Mama Waduk Sempor 07:00 Am

Winata dan sang mama ada disana, di pinggir sebuah waduk indah. Padahal win tak meminta untuk dibawa kemari, namun itulah sang mama, ia paham tiap kali sang putra tengah menghadapi masalah maka ia akan bawa ke pinggir waduk ini.

“Ma, win gapapa kok, win gak ada masalah ma”

Mereka sama-sama memegang pagar dan menghadap pada derasnya air yang mengalir dibawah sana.

“nak, pikiran itu seperti parasut, kalau ia tidak terbuka sempurna, maka sia-sia” sang mama tak menanggapi ucapam winata namun langsung memberinya nasihat.

Win hanya diam, sebayak apapun ia berkata kalau ia baik-baik saja, ia tak akan bisa membohongi sang mama yang sudah sangat mengenalnya.

“hidup ini memang kejam dek, tapi di tengah dunia yang kejam ini, jadilah orang baik ya?” sang mama menoleh dan melihat Winata yang menatap ke arah air yang mengalir deras.
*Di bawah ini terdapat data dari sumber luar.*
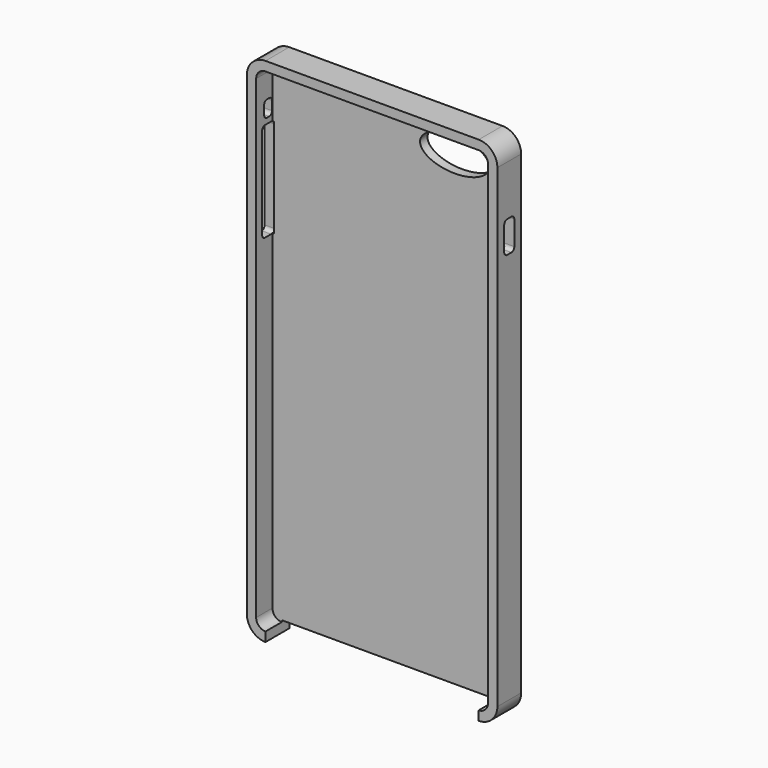
from build123d import *

# Parameters (mm, degrees)
F0_W          = 68.3
F0_H          = 139.5
F1_DEPTH      = 4.05
F2_R          = 5.08
F3_T          = -2.54
F5_DEPTH      = 30
F7_W          = 32.1311485022
F7_H          = 8.1
F8_DEPTH      = 3
F9_W          = 3.4326917958
F9_H          = 8.6012896579
F10_DEPTH     = 3
F11_W         = 2.6687926147
F11_H         = 4.4363630507
F12_DEPTH     = 3
F13_W         = 4.0359543636
F13_H         = 27.0408764482
F14_DEPTH     = 3
F15_W         = 16.4470494014
F15_H         = 8.1
F8_FACE_W     = 9.5618020964
F8_FACE_H     = 8.1
F16_DEPTH     = 3
F19_T1_DEPTH  = 2.54
F19_T3_DEPTH  = 2.54
F19_T8_DEPTH  = 3
F19_T14_DEPTH = 3
F19_T20_DEPTH = 3
F19_T26_DEPTH = 5.5
F19_T32_DEPTH = 3
F19_T38_DEPTH = 3
F19_T44_DEPTH = 3
F19_T50_DEPTH = 5.5
F19_T56_DEPTH = 5.5
F19_T62_DEPTH = 3
F19_T68_DEPTH = 3
F19_T74_DEPTH = 3
F19_T80_DEPTH = 5.5
F19_T86_DEPTH = 3
F19_T92_DEPTH = 3
F19_T98_DEPTH = 3


# Not quite as in the source:
# - a fillet or chamfer that OpenCascade refuses, or shapes differently, is made with other operations: its cross-section is extruded or revolved along the edge and cut away or added
# - a feature of the source that left no trace in its solid (it failed there, or was rolled back) is left out


with BuildPart() as f1:
    # F0 (on Front) → F1 (new body, symmetric)
    with BuildSketch(Plane.XZ):
        Rectangle(F0_W, F0_H)
    extrude(amount=F1_DEPTH, both=True)

    # F2
    f2_edges = [f1.edges().sort_by_distance(p)[0] for p in [
        (-34.15, 0, 69.75),
        (34.15, 0, 69.75),
        (34.15, 0, -69.75),
        (-34.15, 0, -69.75),
    ]]
    fillet(f2_edges, radius=F2_R)

    # F3
    f3_openings = [f1.faces().sort_by_distance(p)[0] for p in [
        (0, -4.05, 0),
    ]]
    offset(amount=F3_T, openings=f3_openings)

    # F4 (on face) → F5 (cut, symmetric)
    with BuildSketch(Plane.XZ.offset(-1.51)):
        with BuildLine():
            add(Edge.make_bspline(
                [(8.6272396147, 60.3893473744), (8.6272396147, 52.4417168684), (22.797036916, 56.4155321214), (36.9668342173, 60.3893473744), (22.797036916, 64.3631626275), (8.6272396147, 68.3369778805), (8.6272396147, 60.3893473744)],
                knots=[0, 0, 0, 2.0943951024, 2.0943951024, 4.1887902048, 4.1887902048, 6.2831853072, 6.2831853072, 6.2831853072], degree=2, weights=[1, 0.5, 1, 0.5, 1, 0.5, 1]))
        make_face()
    extrude(amount=F5_DEPTH, both=True, mode=Mode.SUBTRACT)

    # F7 (on face) → F8 (cut, symmetric)
    with BuildSketch(Plane(origin=(0, 0, -69.75), x_dir=(1, 0, 0), z_dir=(0, 0, -1))):
        with Locations((3.4426236525, 0)):
            Rectangle(F7_W, F7_H)
    extrude(amount=F8_DEPTH, both=True, mode=Mode.SUBTRACT)

    # F9 (on face) → F10 (cut, symmetric)
    with BuildSketch(Plane.YZ.offset(34.15)):
        with Locations((0, 46.6718673706)):
            Rectangle(F9_W, F9_H)
    extrude(amount=F10_DEPTH, both=True, mode=Mode.SUBTRACT)

    # F11 (on face) → F12 (cut, symmetric)
    with BuildSketch(Plane(origin=(-34.15, 0, 0), x_dir=(0, -1, 0), z_dir=(-1, 0, 0))):
        with Locations((0, 55.9940540446)):
            Rectangle(F11_W, F11_H)
    extrude(amount=F12_DEPTH, both=True, mode=Mode.SUBTRACT)

    # F13 (on face) → F14 (cut, symmetric)
    with BuildSketch(Plane(origin=(-34.15, 0, 0), x_dir=(0, -1, 0), z_dir=(-1, 0, 0))):
        with Locations((0, 38.7848801911)):
            Rectangle(F13_W, F13_H)
    extrude(amount=F14_DEPTH, both=True, mode=Mode.SUBTRACT)

    # F15 (on face) + F8_face (on face) → F16 (cut)
    with BuildSketch(Plane(origin=(0, 0, -69.75), x_dir=(1, 0, 0), z_dir=(0, 0, -1))):
        with Locations((-20.8464752993, 0)):
            Rectangle(F15_W, F15_H)
    with BuildSketch(Plane(origin=(-20.8464752993, 0, -69.75), x_dir=(1, 0, 0), z_dir=(0, 0, -1))):
        with Locations((45.1355742511, 0)):
            Rectangle(F8_FACE_W, F8_FACE_H)
    extrude(amount=-F16_DEPTH, mode=Mode.SUBTRACT)

    # F19: fillet of radius 1 on 12 edges, made by hand

    # F19_s2 → F19_t1 (join)
    with BuildSketch(Plane.YZ.offset(-34.15)):
        with BuildLine():
            ThreePointArc((0.3343963074, 58.21223557), (1.0415030885, 57.9193423511), (1.3343963074, 57.21223557))
            Line((1.3343963074, 57.21223557), (1.3343963074, 58.21223557))
            Line((1.3343963074, 58.21223557), (0.3343963074, 58.21223557))
        make_face()
        with BuildLine():
            ThreePointArc((1.3343963074, 54.7758725193), (1.0415030885, 54.0687657381), (0.3343963074, 53.7758725193))
            Line((0.3343963074, 53.7758725193), (1.3343963074, 53.7758725193))
            Line((1.3343963074, 53.7758725193), (1.3343963074, 54.7758725193))
        make_face()
        with BuildLine():
            ThreePointArc((-1.3343963074, 54.7758725193), (-1.0415030885, 54.0687657381), (-0.3343963074, 53.7758725193))
            Line((-0.3343963074, 53.7758725193), (-1.3343963074, 53.7758725193))
            Line((-1.3343963074, 53.7758725193), (-1.3343963074, 54.7758725193))
        make_face()
        with BuildLine():
            ThreePointArc((-0.3343963074, 58.21223557), (-1.0415030885, 57.9193423511), (-1.3343963074, 57.21223557))
            Line((-1.3343963074, 57.21223557), (-1.3343963074, 58.21223557))
            Line((-1.3343963074, 58.21223557), (-0.3343963074, 58.21223557))
        make_face()
        with BuildLine():
            ThreePointArc((-2.0179771818, 26.264441967), (-1.725083963, 25.5573351858), (-1.0179771818, 25.264441967))
            Line((-1.0179771818, 25.264441967), (-2.0179771818, 25.264441967))
            Line((-2.0179771818, 25.264441967), (-2.0179771818, 26.264441967))
        make_face()
        with BuildLine():
            ThreePointArc((-2.0179771818, 51.3053184152), (-1.725083963, 52.0124251964), (-1.0179771818, 52.3053184152))
            Line((-1.0179771818, 52.3053184152), (-2.0179771818, 52.3053184152))
            Line((-2.0179771818, 52.3053184152), (-2.0179771818, 51.3053184152))
        make_face()
    extrude(amount=F19_T1_DEPTH)

    # F19_s4 → F19_t3 (join)
    with BuildSketch(Plane.YZ.offset(31.61)):
        with BuildLine():
            ThreePointArc((-0.7163458979, 42.3712225417), (-1.4234526791, 42.6641157605), (-1.7163458979, 43.3712225417))
            Line((-1.7163458979, 43.3712225417), (-1.7163458979, 42.3712225417))
            Line((-1.7163458979, 42.3712225417), (-0.7163458979, 42.3712225417))
        make_face()
        with BuildLine():
            ThreePointArc((-1.7163458979, 49.9725121995), (-1.4234526791, 50.6796189807), (-0.7163458979, 50.9725121995))
            Line((-0.7163458979, 50.9725121995), (-1.7163458979, 50.9725121995))
            Line((-1.7163458979, 50.9725121995), (-1.7163458979, 49.9725121995))
        make_face()
    extrude(amount=F19_T3_DEPTH)


with BuildPart() as f19_tool6:
    # F19_s7 → F19_t8 (new body)
    with BuildSketch(Plane.YZ.offset(34.15)):
        with BuildLine():
            ThreePointArc((1.7163458979, 43.3712225417), (1.4234526791, 42.6641157605), (0.7163458979, 42.3712225417))
            Line((0.7163458979, 42.3712225417), (1.7163458979, 42.3712225417))
            Line((1.7163458979, 42.3712225417), (1.7163458979, 43.3712225417))
        make_face()
    extrude(amount=-F19_T8_DEPTH)

    split(bisect_by=Plane.XZ.offset(-1.51), keep=Keep.BOTTOM)

    split(bisect_by=Plane.YZ.offset(31.61), keep=Keep.TOP)


with BuildPart() as f1_1:
    add(f1.part)

    # F19_t5: union F19_tool6
    add(f19_tool6.part)


with BuildPart() as f19_tool12:
    # F19_s13 → F19_t14 (new body)
    with BuildSketch(Plane.YZ.offset(34.15)):
        with BuildLine():
            ThreePointArc((1.7163458979, 43.3712225417), (1.4234526791, 42.6641157605), (0.7163458979, 42.3712225417))
            Line((0.7163458979, 42.3712225417), (1.7163458979, 42.3712225417))
            Line((1.7163458979, 42.3712225417), (1.7163458979, 43.3712225417))
        make_face()
    extrude(amount=-F19_T14_DEPTH)

    split(bisect_by=Plane.XZ.offset(-1.51), keep=Keep.TOP)

    split(bisect_by=Plane.YZ.offset(31.61), keep=Keep.TOP)


with BuildPart() as f1_2:
    add(f1_1.part)

    # F19_t11: union F19_tool12
    add(f19_tool12.part)


with BuildPart() as f19_tool18:
    # F19_s19 → F19_t20 (new body)
    with BuildSketch(Plane.YZ.offset(34.15)):
        with BuildLine():
            ThreePointArc((1.7163458979, 43.3712225417), (1.4234526791, 42.6641157605), (0.7163458979, 42.3712225417))
            Line((0.7163458979, 42.3712225417), (1.7163458979, 42.3712225417))
            Line((1.7163458979, 42.3712225417), (1.7163458979, 43.3712225417))
        make_face()
    extrude(amount=-F19_T20_DEPTH)

    split(bisect_by=Plane.XZ.offset(-1.51), keep=Keep.BOTTOM)

    split(bisect_by=Plane.YZ.offset(31.61), keep=Keep.BOTTOM)


with BuildPart() as f1_3:
    add(f1_2.part)

    # F19_t17: union F19_tool18
    add(f19_tool18.part)


with BuildPart() as f19_tool24:
    # F19_s25 → F19_t26 (new body)
    with BuildSketch(Plane.YZ.offset(34.15)):
        with BuildLine():
            ThreePointArc((1.7163458979, 43.3712225417), (1.4234526791, 42.6641157605), (0.7163458979, 42.3712225417))
            Line((0.7163458979, 42.3712225417), (1.7163458979, 42.3712225417))
            Line((1.7163458979, 42.3712225417), (1.7163458979, 43.3712225417))
        make_face()
    extrude(amount=-F19_T26_DEPTH)

    split(bisect_by=Plane.YZ.offset(31.15), keep=Keep.BOTTOM)

    split(bisect_by=Plane.XZ.offset(-1.51), keep=Keep.BOTTOM)


with BuildPart() as f1_4:
    add(f1_3.part)

    # F19_t23: union F19_tool24
    add(f19_tool24.part)


with BuildPart() as f19_tool30:
    # F19_s31 → F19_t32 (new body)
    with BuildSketch(Plane.YZ.offset(34.15)):
        with BuildLine():
            ThreePointArc((1.7163458979, 49.9725121995), (1.4234526791, 50.6796189807), (0.7163458979, 50.9725121995))
            Line((0.7163458979, 50.9725121995), (1.7163458979, 50.9725121995))
            Line((1.7163458979, 50.9725121995), (1.7163458979, 49.9725121995))
        make_face()
    extrude(amount=-F19_T32_DEPTH)

    split(bisect_by=Plane.XZ.offset(-1.51), keep=Keep.BOTTOM)

    split(bisect_by=Plane.YZ.offset(31.61), keep=Keep.TOP)


with BuildPart() as f1_5:
    add(f1_4.part)

    # F19_t29: union F19_tool30
    add(f19_tool30.part)


with BuildPart() as f19_tool36:
    # F19_s37 → F19_t38 (new body)
    with BuildSketch(Plane.YZ.offset(34.15)):
        with BuildLine():
            ThreePointArc((1.7163458979, 49.9725121995), (1.4234526791, 50.6796189807), (0.7163458979, 50.9725121995))
            Line((0.7163458979, 50.9725121995), (1.7163458979, 50.9725121995))
            Line((1.7163458979, 50.9725121995), (1.7163458979, 49.9725121995))
        make_face()
    extrude(amount=-F19_T38_DEPTH)

    split(bisect_by=Plane.XZ.offset(-1.51), keep=Keep.TOP)

    split(bisect_by=Plane.YZ.offset(31.61), keep=Keep.TOP)


with BuildPart() as f1_6:
    add(f1_5.part)

    # F19_t35: union F19_tool36
    add(f19_tool36.part)


with BuildPart() as f19_tool42:
    # F19_s43 → F19_t44 (new body)
    with BuildSketch(Plane.YZ.offset(34.15)):
        with BuildLine():
            ThreePointArc((1.7163458979, 49.9725121995), (1.4234526791, 50.6796189807), (0.7163458979, 50.9725121995))
            Line((0.7163458979, 50.9725121995), (1.7163458979, 50.9725121995))
            Line((1.7163458979, 50.9725121995), (1.7163458979, 49.9725121995))
        make_face()
    extrude(amount=-F19_T44_DEPTH)

    split(bisect_by=Plane.XZ.offset(-1.51), keep=Keep.BOTTOM)

    split(bisect_by=Plane.YZ.offset(31.61), keep=Keep.BOTTOM)


with BuildPart() as f1_7:
    add(f1_6.part)

    # F19_t41: union F19_tool42
    add(f19_tool42.part)


with BuildPart() as f19_tool48:
    # F19_s49 → F19_t50 (new body)
    with BuildSketch(Plane.YZ.offset(34.15)):
        with BuildLine():
            ThreePointArc((1.7163458979, 49.9725121995), (1.4234526791, 50.6796189807), (0.7163458979, 50.9725121995))
            Line((0.7163458979, 50.9725121995), (1.7163458979, 50.9725121995))
            Line((1.7163458979, 50.9725121995), (1.7163458979, 49.9725121995))
        make_face()
    extrude(amount=-F19_T50_DEPTH)

    split(bisect_by=Plane.YZ.offset(31.15), keep=Keep.BOTTOM)

    split(bisect_by=Plane.XZ.offset(-1.51), keep=Keep.BOTTOM)


with BuildPart() as f1_8:
    add(f1_7.part)

    # F19_t47: union F19_tool48
    add(f19_tool48.part)


with BuildPart() as f19_tool54:
    # F19_s55 → F19_t56 (new body)
    with BuildSketch(Plane.YZ.offset(-28.65)):
        with BuildLine():
            ThreePointArc((2.0179771818, 51.3053184152), (1.725083963, 52.0124251964), (1.0179771818, 52.3053184152))
            Line((1.0179771818, 52.3053184152), (2.0179771818, 52.3053184152))
            Line((2.0179771818, 52.3053184152), (2.0179771818, 51.3053184152))
        make_face()
    extrude(amount=-F19_T56_DEPTH)

    split(bisect_by=Plane.XZ.offset(-1.51), keep=Keep.BOTTOM)

    split(bisect_by=Plane.YZ.offset(-31.15), keep=Keep.TOP)


with BuildPart() as f1_9:
    add(f1_8.part)

    # F19_t53: union F19_tool54
    add(f19_tool54.part)


with BuildPart() as f19_tool60:
    # F19_s61 → F19_t62 (new body)
    with BuildSketch(Plane.YZ.offset(-31.15)):
        with BuildLine():
            ThreePointArc((2.0179771818, 51.3053184152), (1.725083963, 52.0124251964), (1.0179771818, 52.3053184152))
            Line((1.0179771818, 52.3053184152), (2.0179771818, 52.3053184152))
            Line((2.0179771818, 52.3053184152), (2.0179771818, 51.3053184152))
        make_face()
    extrude(amount=-F19_T62_DEPTH)

    split(bisect_by=Plane.XZ.offset(-1.51), keep=Keep.BOTTOM)

    split(bisect_by=Plane.YZ.offset(-31.61), keep=Keep.TOP)


with BuildPart() as f1_10:
    add(f1_9.part)

    # F19_t59: union F19_tool60
    add(f19_tool60.part)


with BuildPart() as f19_tool66:
    # F19_s67 → F19_t68 (new body)
    with BuildSketch(Plane.YZ.offset(-31.15)):
        with BuildLine():
            ThreePointArc((2.0179771818, 51.3053184152), (1.725083963, 52.0124251964), (1.0179771818, 52.3053184152))
            Line((1.0179771818, 52.3053184152), (2.0179771818, 52.3053184152))
            Line((2.0179771818, 52.3053184152), (2.0179771818, 51.3053184152))
        make_face()
    extrude(amount=-F19_T68_DEPTH)

    split(bisect_by=Plane.XZ.offset(-1.51), keep=Keep.BOTTOM)

    split(bisect_by=Plane.YZ.offset(-31.61), keep=Keep.BOTTOM)


with BuildPart() as f1_11:
    add(f1_10.part)

    # F19_t65: union F19_tool66
    add(f19_tool66.part)


with BuildPart() as f19_tool72:
    # F19_s73 → F19_t74 (new body)
    with BuildSketch(Plane.YZ.offset(-31.15)):
        with BuildLine():
            ThreePointArc((2.0179771818, 51.3053184152), (1.725083963, 52.0124251964), (1.0179771818, 52.3053184152))
            Line((1.0179771818, 52.3053184152), (2.0179771818, 52.3053184152))
            Line((2.0179771818, 52.3053184152), (2.0179771818, 51.3053184152))
        make_face()
    extrude(amount=-F19_T74_DEPTH)

    split(bisect_by=Plane.XZ.offset(-1.51), keep=Keep.TOP)

    split(bisect_by=Plane.YZ.offset(-31.61), keep=Keep.BOTTOM)


with BuildPart() as f1_12:
    add(f1_11.part)

    # F19_t71: union F19_tool72
    add(f19_tool72.part)


with BuildPart() as f19_tool78:
    # F19_s79 → F19_t80 (new body)
    with BuildSketch(Plane.YZ.offset(-28.65)):
        with BuildLine():
            ThreePointArc((2.0179771818, 26.264441967), (1.725083963, 25.5573351858), (1.0179771818, 25.264441967))
            Line((1.0179771818, 25.264441967), (2.0179771818, 25.264441967))
            Line((2.0179771818, 25.264441967), (2.0179771818, 26.264441967))
        make_face()
    extrude(amount=-F19_T80_DEPTH)

    split(bisect_by=Plane.XZ.offset(-1.51), keep=Keep.BOTTOM)

    split(bisect_by=Plane.YZ.offset(-31.15), keep=Keep.TOP)


with BuildPart() as f1_13:
    add(f1_12.part)

    # F19_t77: union F19_tool78
    add(f19_tool78.part)


with BuildPart() as f19_tool84:
    # F19_s85 → F19_t86 (new body)
    with BuildSketch(Plane.YZ.offset(-31.15)):
        with BuildLine():
            ThreePointArc((2.0179771818, 26.264441967), (1.725083963, 25.5573351858), (1.0179771818, 25.264441967))
            Line((1.0179771818, 25.264441967), (2.0179771818, 25.264441967))
            Line((2.0179771818, 25.264441967), (2.0179771818, 26.264441967))
        make_face()
    extrude(amount=-F19_T86_DEPTH)

    split(bisect_by=Plane.XZ.offset(-1.51), keep=Keep.BOTTOM)

    split(bisect_by=Plane.YZ.offset(-31.61), keep=Keep.TOP)


with BuildPart() as f1_14:
    add(f1_13.part)

    # F19_t83: union F19_tool84
    add(f19_tool84.part)


with BuildPart() as f19_tool90:
    # F19_s91 → F19_t92 (new body)
    with BuildSketch(Plane.YZ.offset(-31.15)):
        with BuildLine():
            ThreePointArc((2.0179771818, 26.264441967), (1.725083963, 25.5573351858), (1.0179771818, 25.264441967))
            Line((1.0179771818, 25.264441967), (2.0179771818, 25.264441967))
            Line((2.0179771818, 25.264441967), (2.0179771818, 26.264441967))
        make_face()
    extrude(amount=-F19_T92_DEPTH)

    split(bisect_by=Plane.XZ.offset(-1.51), keep=Keep.BOTTOM)

    split(bisect_by=Plane.YZ.offset(-31.61), keep=Keep.BOTTOM)


with BuildPart() as f1_15:
    add(f1_14.part)

    # F19_t89: union F19_tool90
    add(f19_tool90.part)


with BuildPart() as f19_tool96:
    # F19_s97 → F19_t98 (new body)
    with BuildSketch(Plane.YZ.offset(-31.15)):
        with BuildLine():
            ThreePointArc((2.0179771818, 26.264441967), (1.725083963, 25.5573351858), (1.0179771818, 25.264441967))
            Line((1.0179771818, 25.264441967), (2.0179771818, 25.264441967))
            Line((2.0179771818, 25.264441967), (2.0179771818, 26.264441967))
        make_face()
    extrude(amount=-F19_T98_DEPTH)

    split(bisect_by=Plane.XZ.offset(-1.51), keep=Keep.TOP)

    split(bisect_by=Plane.YZ.offset(-31.61), keep=Keep.BOTTOM)


with BuildPart() as f1_16:
    add(f1_15.part)

    # F19_t95: union F19_tool96
    add(f19_tool96.part)


solid = f1_16.part

Win masih diam, dicernanya tiap kalimat sang mama.

“mama tahu adek lagi ada masalah kan? Iya nak, bukan hidup kalau isinya cuma bahagia saja, hidup itu tentang waktu......”

sang mama membelai rambut anaknya yang di terbangkan angin dan mengacaknya, baginya Winata tetaplah anak balitanya yang masih harus ia jaga dan ia rawat sepenuh hati.

“hidup itu tentang waktu sayang, waktu yang adek habiskan untuk berbagi ataupun menyimpan rasa, waktu yang adek habiskan untuk memberi atau menerima dan waktu yang adek habiskan untuk membenci atau mencintai”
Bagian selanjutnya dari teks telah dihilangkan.